*Description of the task*. From the entries below, retype only the lines from the one with "This logger has" through the one with "Input Device(PCs, etc.)", exactly as written.

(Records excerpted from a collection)
· · · ·

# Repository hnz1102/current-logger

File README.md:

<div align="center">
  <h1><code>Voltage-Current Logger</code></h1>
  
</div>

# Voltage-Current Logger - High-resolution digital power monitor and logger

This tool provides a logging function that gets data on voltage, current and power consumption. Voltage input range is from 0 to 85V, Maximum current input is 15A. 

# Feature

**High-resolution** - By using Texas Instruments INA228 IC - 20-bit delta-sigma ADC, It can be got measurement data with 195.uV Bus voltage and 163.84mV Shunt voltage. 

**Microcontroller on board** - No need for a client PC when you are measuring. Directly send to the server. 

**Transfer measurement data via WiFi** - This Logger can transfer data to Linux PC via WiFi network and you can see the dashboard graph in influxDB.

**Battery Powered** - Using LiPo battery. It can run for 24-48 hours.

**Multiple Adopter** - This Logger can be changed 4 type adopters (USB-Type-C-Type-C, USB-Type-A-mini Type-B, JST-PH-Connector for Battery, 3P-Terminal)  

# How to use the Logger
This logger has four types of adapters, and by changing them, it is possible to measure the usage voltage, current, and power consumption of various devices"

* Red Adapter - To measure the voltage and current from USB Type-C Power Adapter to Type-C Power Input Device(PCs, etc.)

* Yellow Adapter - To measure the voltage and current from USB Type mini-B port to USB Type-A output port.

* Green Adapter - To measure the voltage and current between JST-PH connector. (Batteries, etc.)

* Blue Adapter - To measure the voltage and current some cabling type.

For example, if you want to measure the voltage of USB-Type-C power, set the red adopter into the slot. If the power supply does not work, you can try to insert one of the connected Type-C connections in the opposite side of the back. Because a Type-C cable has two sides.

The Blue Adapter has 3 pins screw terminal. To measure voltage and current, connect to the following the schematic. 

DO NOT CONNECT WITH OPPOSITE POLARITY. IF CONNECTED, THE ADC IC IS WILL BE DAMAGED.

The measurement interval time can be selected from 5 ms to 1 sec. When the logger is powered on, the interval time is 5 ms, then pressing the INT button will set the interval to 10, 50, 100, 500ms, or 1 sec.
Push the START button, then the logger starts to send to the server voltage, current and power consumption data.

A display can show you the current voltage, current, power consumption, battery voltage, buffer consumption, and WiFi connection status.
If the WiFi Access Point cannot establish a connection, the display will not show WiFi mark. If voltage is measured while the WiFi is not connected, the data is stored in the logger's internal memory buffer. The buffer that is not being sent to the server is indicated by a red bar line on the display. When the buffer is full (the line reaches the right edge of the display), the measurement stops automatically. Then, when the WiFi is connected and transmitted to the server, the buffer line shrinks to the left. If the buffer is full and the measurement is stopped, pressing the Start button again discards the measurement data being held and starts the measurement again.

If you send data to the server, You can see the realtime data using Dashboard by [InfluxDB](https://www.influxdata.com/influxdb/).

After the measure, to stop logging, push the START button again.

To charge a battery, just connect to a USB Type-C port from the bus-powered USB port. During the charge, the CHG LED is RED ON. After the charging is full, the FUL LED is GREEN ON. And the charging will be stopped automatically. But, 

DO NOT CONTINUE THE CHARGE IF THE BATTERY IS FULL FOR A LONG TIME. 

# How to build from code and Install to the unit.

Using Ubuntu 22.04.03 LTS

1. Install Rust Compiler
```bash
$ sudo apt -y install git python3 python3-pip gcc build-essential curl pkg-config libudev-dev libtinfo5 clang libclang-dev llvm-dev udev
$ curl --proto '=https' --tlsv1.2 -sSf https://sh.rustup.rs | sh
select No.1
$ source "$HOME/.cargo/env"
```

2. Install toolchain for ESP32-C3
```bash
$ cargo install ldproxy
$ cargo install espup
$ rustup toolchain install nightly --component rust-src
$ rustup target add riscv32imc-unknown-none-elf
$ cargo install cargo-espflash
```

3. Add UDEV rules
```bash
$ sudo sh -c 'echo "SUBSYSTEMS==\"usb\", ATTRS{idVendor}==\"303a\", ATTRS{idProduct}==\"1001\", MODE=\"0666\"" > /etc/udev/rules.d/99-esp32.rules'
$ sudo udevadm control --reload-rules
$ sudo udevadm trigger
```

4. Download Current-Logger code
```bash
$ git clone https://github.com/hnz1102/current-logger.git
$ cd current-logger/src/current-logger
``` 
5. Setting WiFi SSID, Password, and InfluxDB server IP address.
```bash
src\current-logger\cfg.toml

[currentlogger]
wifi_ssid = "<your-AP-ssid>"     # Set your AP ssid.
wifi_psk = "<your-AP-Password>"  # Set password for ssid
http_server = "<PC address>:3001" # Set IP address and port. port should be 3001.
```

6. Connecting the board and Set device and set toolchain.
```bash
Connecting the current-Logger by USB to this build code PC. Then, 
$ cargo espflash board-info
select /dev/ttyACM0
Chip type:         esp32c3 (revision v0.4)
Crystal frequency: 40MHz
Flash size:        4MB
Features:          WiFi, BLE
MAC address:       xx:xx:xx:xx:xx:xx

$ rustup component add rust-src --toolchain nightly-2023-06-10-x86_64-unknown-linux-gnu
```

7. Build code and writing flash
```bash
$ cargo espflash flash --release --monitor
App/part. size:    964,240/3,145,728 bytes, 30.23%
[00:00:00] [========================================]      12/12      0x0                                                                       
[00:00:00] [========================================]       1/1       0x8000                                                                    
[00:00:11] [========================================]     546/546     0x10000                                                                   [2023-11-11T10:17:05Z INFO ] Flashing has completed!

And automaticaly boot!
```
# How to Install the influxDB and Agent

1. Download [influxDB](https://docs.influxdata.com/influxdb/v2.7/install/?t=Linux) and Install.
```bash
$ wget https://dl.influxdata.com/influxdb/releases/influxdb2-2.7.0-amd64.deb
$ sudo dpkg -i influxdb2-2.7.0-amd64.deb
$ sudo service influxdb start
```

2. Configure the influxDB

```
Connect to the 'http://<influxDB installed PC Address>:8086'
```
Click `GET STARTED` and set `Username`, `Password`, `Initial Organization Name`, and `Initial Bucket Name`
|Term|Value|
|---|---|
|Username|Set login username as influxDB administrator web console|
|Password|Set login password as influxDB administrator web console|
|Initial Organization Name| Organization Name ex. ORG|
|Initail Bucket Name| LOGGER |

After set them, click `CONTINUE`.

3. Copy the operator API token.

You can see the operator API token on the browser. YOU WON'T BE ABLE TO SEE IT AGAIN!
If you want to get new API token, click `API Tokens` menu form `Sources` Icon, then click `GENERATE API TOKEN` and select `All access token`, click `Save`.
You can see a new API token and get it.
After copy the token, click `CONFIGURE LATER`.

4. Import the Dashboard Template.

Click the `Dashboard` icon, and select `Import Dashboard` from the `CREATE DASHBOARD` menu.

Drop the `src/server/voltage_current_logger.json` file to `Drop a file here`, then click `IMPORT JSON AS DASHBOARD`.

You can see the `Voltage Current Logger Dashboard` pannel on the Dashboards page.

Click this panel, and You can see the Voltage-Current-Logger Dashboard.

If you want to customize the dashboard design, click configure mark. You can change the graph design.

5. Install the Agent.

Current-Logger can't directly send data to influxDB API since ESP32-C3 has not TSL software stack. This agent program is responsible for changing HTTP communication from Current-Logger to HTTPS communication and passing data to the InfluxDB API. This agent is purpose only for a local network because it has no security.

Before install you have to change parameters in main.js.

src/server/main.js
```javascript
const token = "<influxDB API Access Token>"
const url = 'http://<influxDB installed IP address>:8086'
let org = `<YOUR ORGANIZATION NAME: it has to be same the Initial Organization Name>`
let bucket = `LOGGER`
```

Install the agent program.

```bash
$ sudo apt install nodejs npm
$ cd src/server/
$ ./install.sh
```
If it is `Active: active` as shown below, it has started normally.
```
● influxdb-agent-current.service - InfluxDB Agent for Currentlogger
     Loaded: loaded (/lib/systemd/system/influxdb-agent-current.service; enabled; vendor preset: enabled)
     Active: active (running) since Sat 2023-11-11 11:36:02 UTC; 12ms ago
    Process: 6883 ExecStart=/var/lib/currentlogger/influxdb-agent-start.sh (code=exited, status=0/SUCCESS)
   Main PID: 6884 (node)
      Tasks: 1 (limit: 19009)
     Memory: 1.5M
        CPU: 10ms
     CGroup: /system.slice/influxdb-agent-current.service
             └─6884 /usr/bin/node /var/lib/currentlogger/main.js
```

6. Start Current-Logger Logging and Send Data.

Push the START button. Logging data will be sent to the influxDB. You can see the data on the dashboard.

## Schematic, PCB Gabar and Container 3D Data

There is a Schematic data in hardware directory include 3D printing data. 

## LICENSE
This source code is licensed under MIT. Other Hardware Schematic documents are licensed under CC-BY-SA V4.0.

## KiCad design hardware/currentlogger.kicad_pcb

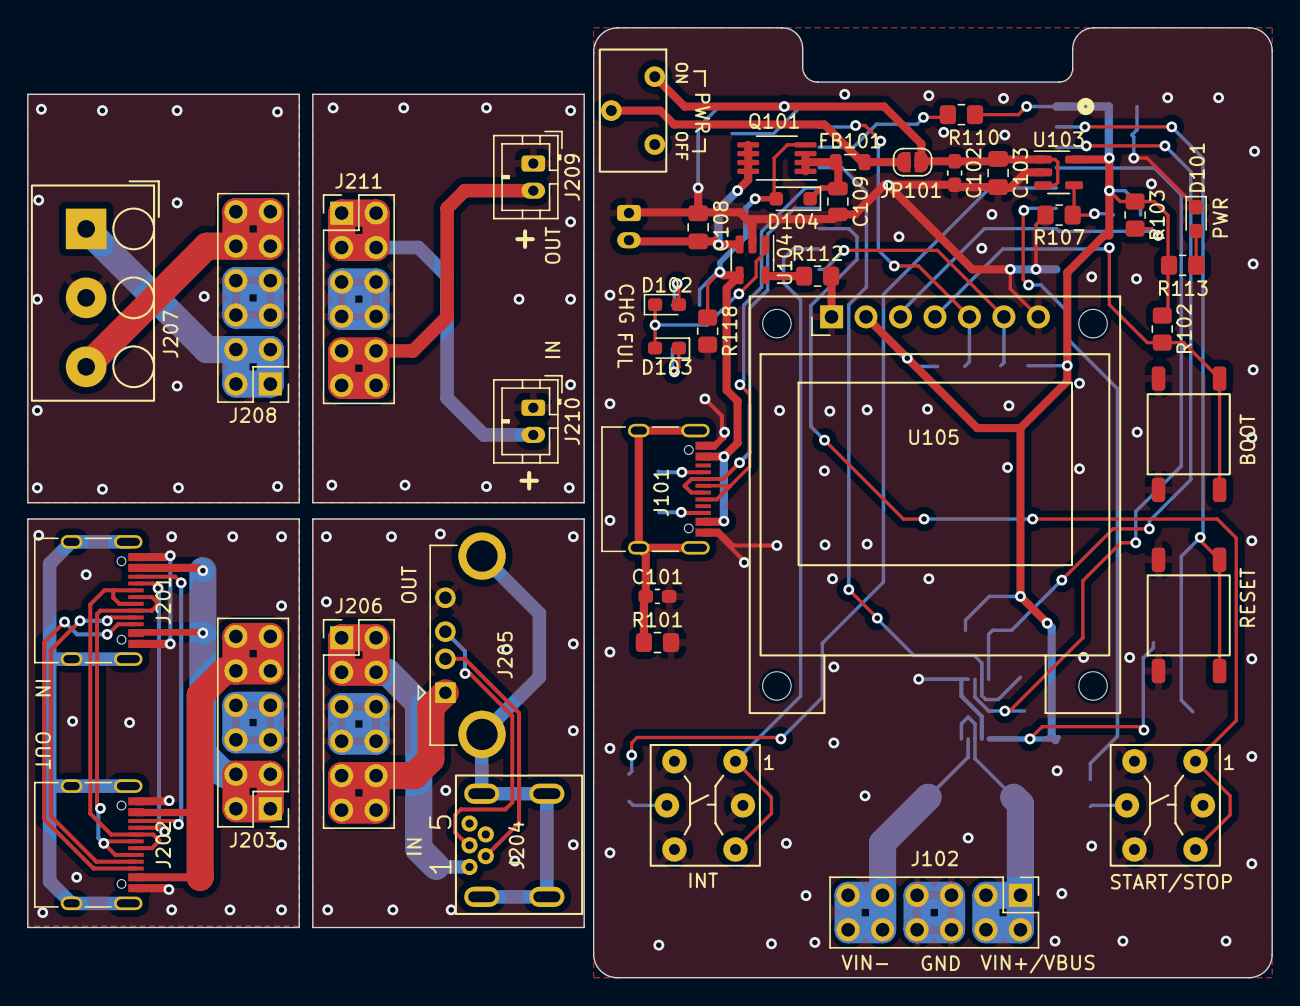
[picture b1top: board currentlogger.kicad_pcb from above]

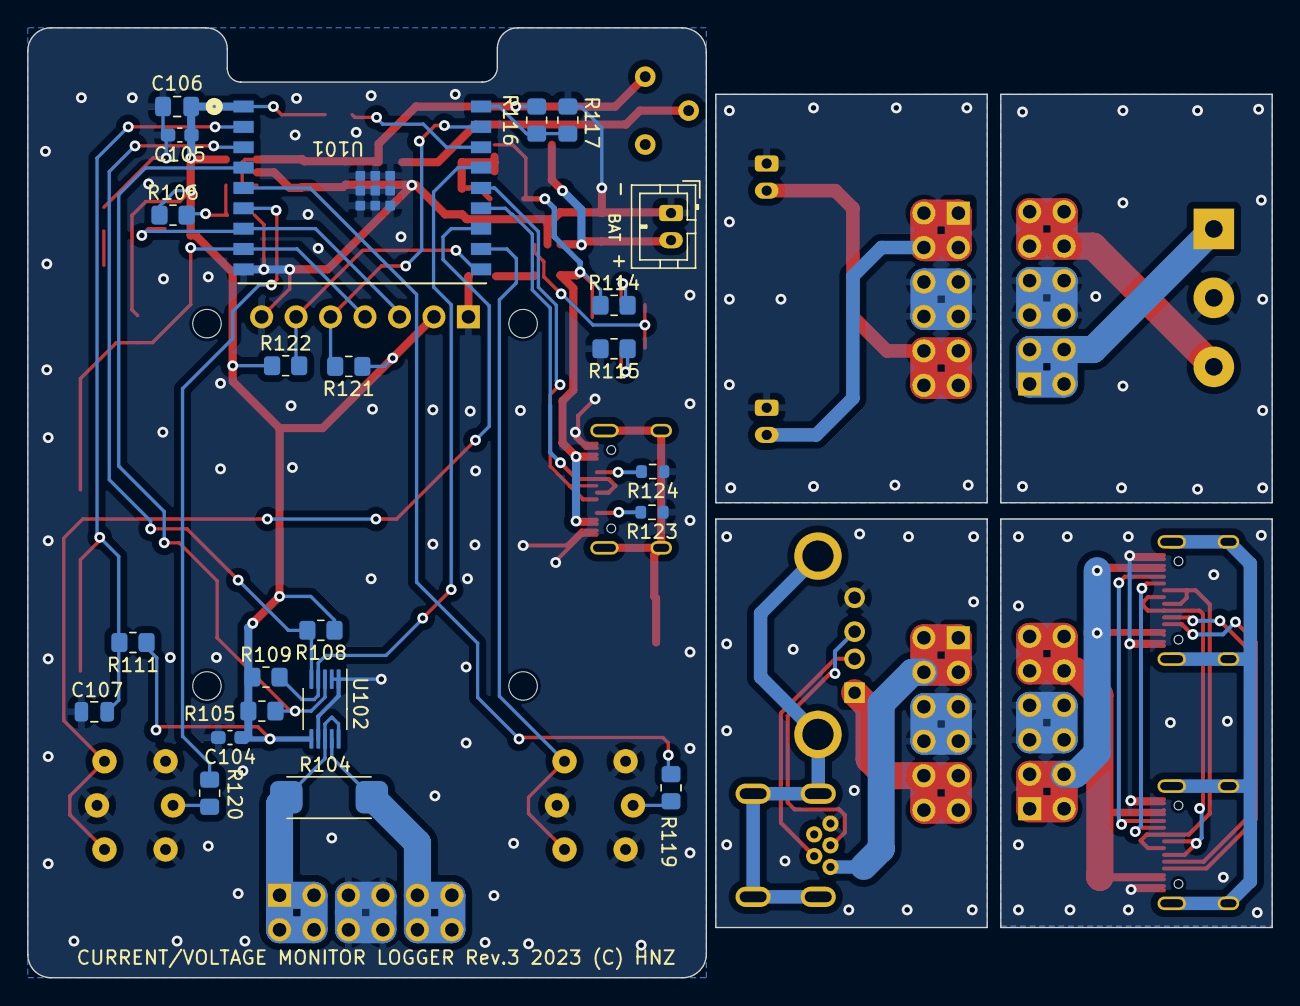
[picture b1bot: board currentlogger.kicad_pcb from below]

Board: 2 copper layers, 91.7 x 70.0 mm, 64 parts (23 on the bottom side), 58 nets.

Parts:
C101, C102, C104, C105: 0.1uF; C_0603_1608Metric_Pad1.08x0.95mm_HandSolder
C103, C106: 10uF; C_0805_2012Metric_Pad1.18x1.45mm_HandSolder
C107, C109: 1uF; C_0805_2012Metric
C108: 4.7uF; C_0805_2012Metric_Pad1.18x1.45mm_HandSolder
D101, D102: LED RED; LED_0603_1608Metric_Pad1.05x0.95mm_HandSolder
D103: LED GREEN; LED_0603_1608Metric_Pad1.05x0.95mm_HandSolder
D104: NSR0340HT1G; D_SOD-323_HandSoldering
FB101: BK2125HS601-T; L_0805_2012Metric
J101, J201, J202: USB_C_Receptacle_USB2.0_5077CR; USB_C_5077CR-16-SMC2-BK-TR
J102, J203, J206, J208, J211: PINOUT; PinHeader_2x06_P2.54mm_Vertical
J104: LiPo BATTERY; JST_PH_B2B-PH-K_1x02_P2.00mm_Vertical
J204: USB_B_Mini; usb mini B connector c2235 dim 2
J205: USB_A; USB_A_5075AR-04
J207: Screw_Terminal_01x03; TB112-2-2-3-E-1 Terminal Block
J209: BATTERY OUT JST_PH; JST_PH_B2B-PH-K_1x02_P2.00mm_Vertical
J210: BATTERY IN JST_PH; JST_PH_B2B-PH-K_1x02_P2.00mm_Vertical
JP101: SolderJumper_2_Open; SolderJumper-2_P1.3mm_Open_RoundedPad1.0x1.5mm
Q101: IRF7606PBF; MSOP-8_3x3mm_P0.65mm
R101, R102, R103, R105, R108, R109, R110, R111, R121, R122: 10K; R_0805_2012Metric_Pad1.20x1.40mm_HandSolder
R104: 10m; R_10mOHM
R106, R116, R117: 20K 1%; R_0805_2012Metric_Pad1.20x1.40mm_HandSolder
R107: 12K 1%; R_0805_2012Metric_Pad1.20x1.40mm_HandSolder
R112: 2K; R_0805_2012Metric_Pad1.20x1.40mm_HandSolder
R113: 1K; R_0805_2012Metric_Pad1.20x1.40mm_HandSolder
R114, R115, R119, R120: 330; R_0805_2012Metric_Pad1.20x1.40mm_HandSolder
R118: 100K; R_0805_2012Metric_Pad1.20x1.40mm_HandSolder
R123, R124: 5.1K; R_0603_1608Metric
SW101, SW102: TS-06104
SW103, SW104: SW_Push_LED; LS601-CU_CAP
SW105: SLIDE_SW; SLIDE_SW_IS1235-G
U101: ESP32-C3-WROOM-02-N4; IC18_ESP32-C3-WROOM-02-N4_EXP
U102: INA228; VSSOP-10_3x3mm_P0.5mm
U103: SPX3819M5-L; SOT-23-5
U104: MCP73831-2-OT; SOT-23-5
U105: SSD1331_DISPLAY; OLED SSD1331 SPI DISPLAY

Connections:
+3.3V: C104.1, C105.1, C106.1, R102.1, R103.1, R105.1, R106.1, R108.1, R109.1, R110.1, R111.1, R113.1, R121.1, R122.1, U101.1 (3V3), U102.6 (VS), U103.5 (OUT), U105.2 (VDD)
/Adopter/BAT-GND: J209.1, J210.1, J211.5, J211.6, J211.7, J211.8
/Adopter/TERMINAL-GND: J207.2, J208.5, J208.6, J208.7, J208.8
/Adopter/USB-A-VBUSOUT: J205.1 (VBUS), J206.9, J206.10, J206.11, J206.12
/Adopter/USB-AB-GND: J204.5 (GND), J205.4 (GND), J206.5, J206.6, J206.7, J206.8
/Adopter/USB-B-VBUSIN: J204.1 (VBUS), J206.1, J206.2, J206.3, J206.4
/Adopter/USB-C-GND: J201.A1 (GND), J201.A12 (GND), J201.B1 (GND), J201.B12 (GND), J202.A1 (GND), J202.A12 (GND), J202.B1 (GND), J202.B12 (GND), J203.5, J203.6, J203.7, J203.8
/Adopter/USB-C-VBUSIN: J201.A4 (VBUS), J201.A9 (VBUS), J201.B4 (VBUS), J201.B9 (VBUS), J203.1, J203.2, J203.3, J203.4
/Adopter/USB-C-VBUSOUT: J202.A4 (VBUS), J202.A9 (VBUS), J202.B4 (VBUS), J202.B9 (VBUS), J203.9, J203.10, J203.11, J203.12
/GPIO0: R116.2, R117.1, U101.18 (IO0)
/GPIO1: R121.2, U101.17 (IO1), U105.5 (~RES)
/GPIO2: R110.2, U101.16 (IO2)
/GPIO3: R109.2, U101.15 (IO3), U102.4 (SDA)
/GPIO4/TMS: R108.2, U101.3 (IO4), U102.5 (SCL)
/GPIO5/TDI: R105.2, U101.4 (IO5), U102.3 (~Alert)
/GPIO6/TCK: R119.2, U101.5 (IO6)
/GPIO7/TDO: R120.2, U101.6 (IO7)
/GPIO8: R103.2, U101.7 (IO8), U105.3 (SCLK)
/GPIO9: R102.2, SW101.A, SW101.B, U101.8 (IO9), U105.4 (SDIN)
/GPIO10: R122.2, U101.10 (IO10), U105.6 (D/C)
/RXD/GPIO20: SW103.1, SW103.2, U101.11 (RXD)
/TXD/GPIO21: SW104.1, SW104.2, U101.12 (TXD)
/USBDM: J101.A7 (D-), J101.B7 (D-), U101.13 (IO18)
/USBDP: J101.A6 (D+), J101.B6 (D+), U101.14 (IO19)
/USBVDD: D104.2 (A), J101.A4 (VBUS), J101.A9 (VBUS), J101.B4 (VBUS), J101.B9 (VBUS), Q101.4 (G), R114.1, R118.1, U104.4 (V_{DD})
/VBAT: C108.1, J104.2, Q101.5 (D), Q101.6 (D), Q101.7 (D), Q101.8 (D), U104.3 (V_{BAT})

· · · ·

*Written answer*.
This logger has four types of adapters, and by changing them, it is possible to measure the usage voltage, current, and power consumption of various devices"

* Red Adapter - To measure the voltage and current from USB Type-C Power Adapter to Type-C Power Input Device(PCs, etc.)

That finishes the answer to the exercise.